# What this task involves
Repeat exactly, and only, the lines of the entries below from the one with "Constant_THB1 : carnot/Source/Simple/Constant_THB" through the one with "Constant_THB2 : carnot/Source/Simple/Constant_THB", both ends included.

# The data
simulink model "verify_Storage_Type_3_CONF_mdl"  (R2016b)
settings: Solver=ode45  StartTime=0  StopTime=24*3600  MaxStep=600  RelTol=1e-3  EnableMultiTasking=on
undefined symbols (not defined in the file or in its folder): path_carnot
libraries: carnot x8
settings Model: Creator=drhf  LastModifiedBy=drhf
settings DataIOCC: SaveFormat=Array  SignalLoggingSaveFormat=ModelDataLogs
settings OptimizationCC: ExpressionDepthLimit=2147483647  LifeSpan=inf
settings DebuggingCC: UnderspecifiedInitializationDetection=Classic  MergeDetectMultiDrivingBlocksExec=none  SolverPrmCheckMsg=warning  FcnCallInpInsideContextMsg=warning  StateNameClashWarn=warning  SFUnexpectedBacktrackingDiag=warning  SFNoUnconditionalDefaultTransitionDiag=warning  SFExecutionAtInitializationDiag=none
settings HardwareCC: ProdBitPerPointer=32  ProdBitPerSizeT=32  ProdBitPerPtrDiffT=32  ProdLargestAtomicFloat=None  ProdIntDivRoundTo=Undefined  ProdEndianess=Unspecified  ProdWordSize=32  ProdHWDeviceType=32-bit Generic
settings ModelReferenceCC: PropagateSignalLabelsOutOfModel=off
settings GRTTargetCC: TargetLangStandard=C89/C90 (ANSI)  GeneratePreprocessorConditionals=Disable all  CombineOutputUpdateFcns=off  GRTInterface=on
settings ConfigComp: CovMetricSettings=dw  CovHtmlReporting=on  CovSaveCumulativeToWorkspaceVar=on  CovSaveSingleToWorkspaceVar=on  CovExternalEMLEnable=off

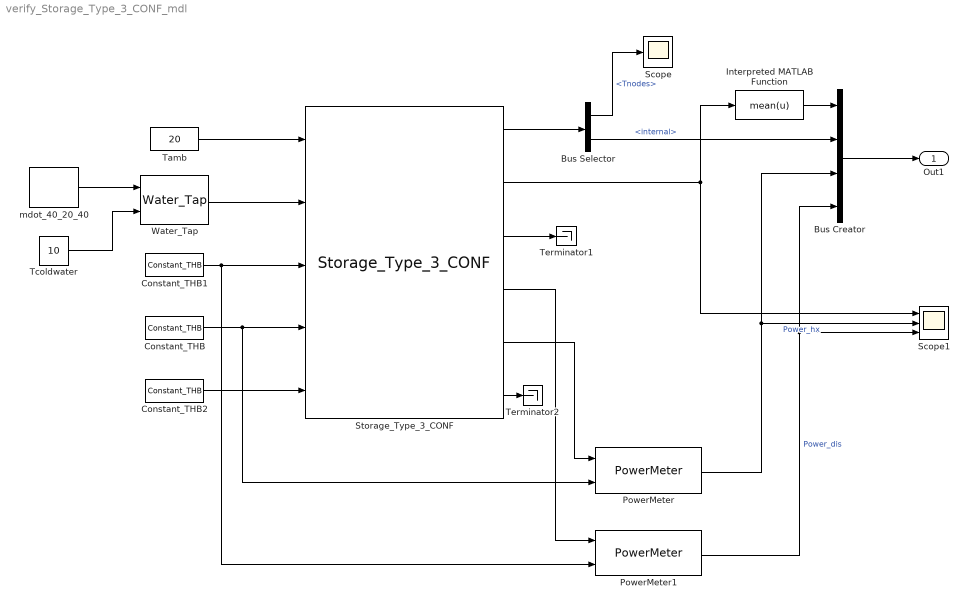
== system verify_Storage_Type_3_CONF_mdl ==
  Bus Creator : BusCreator  Inputs=4
  Bus Selector : BusSelector  OutputSignals=Tnodes,energy.internal
  Constant_THB : carnot/Source/Simple/Constant_THB  t=50  mdot=200/3600  p=1e5  mID=No Pressure Drop  fluid=Water (Constant 20°C)  mix=0  mix2=0  mix3=0  dia=0.02  hgt=0
  Constant_THB1 : carnot/Source/Simple/Constant_THB  t=60  mdot=600/3600  p=1e5  mID=No Pressure Drop  fluid=Water (Constant 20°C)  mix=0  mix2=0  mix3=0  dia=0.02  hgt=0
  Constant_THB2 : carnot/Source/Simple/Constant_THB  t=50  mdot=0  p=1e5  mID=No Pressure Drop  fluid=Water (Constant 20°C)  mix=0  mix2=0  mix3=0  dia=0.02  hgt=0
  Interpreted MATLAB Function : MATLABFcn  MATLABFcn=mean(u)
  PowerMeter : carnot/Control/PowerMeter
  PowerMeter1 : carnot/Control/PowerMeter
  Scope : Scope
  Scope1 : Scope  NumInputPorts=3
  Storage_Type_3_CONF : carnot/Storage/Thermal/Storage_Type_3_CONF  t0=[10:5:55]  hgt=1.6836  stgtype=3  tini=[10 15 20 25 30 35 40 45 50 55]  mpts=[1 2 3 4 5 6 7 8 9 10]  PathName=fullfile(path_carnot('libsl'),'Storage','Thermal','Storage_Type_3_CONF','parameter_set')  FileName='StorageType3_400_L.mat'  userPath=off  userParam=off  uwall=1  ubot=1  utop=1  axcond=1  volume=0.4  dia=0.55  standing=standing cylinder  nodes=10  mpoints=10  Tsensor=[0.1 0.5 0.7]  hx1inlet=0.8  hx1outlet=0.6  hx1dia=0.03  hx1uac=50  hx1uam=0.15  hx1uat=0.6  hx1dpqua=20  hx1dplin=20  hx2inlet=0.4  hx2outlet=0  hx2dia=0.03  hx2uac=100  hx2uam=0.15  hx2uat=0.6  hx2dplin=30  hx2dpqua=30  pipe1inlet=0.02  pipe1outlet=0.98  pipe1dia=0.03  pipe2inlet=0.6  pipe2outlet=1  pipe2dia=0.03
  Tamb : Constant  Value=20
  Tcoldwater : Constant  Value=10
  Terminator1 : Terminator
  Terminator2 : Terminator
  Water_Tap : carnot/Load/Hot_Water_Tapping/Water_Tap  dia=0.02  p=2e5
  mdot_40_20_40 : carnot/Load/Hot_Water_Tapping/mdot_40_20_40  period=24*3600  rep_seq_t=[7 12 19]*3600  rep_seq_d=[0.2 0.1 0.2]*3600  rep_seq_y=[1 1 1]*200/1800
  Out1 : Outport
  wires:
  Bus Creator/1 -> Out1/1
  Tamb/1 -> Storage_Type_3_CONF/1
  Constant_THB1/1 -> PowerMeter1/2, Storage_Type_3_CONF/3
  Constant_THB/1 -> PowerMeter/2, Storage_Type_3_CONF/4
  Storage_Type_3_CONF/1 -> Bus Selector/1
  Storage_Type_3_CONF/5 -> PowerMeter/1
  Storage_Type_3_CONF/4 -> PowerMeter1/1
  PowerMeter/1 -> Bus Creator/3, Scope1/2  "Power_hx"
  PowerMeter1/1 -> Bus Creator/4, Scope1/3  "Power_dis"
  Storage_Type_3_CONF/2 -> Interpreted MATLAB Function/1, Scope1/1
  mdot_40_20_40/1 -> Water_Tap/1
  Tcoldwater/1 -> Water_Tap/2
  Water_Tap/1 -> Storage_Type_3_CONF/2
  Storage_Type_3_CONF/3 -> Terminator1/1
  Bus Selector/2 -> Bus Creator/2  "<internal>"
  Constant_THB2/1 -> Storage_Type_3_CONF/5
  Storage_Type_3_CONF/6 -> Terminator2/1
  Interpreted MATLAB Function/1 -> Bus Creator/1
  Bus Selector/1 -> Scope/1  "<Tnodes>"

# Written reply
  Constant_THB1 : carnot/Source/Simple/Constant_THB  t=60  mdot=600/3600  p=1e5  mID=No Pressure Drop  fluid=Water (Constant 20°C)  mix=0  mix2=0  mix3=0  dia=0.02  hgt=0
  Constant_THB2 : carnot/Source/Simple/Constant_THB  t=50  mdot=0  p=1e5  mID=No Pressure Drop  fluid=Water (Constant 20°C)  mix=0  mix2=0  mix3=0  dia=0.02  hgt=0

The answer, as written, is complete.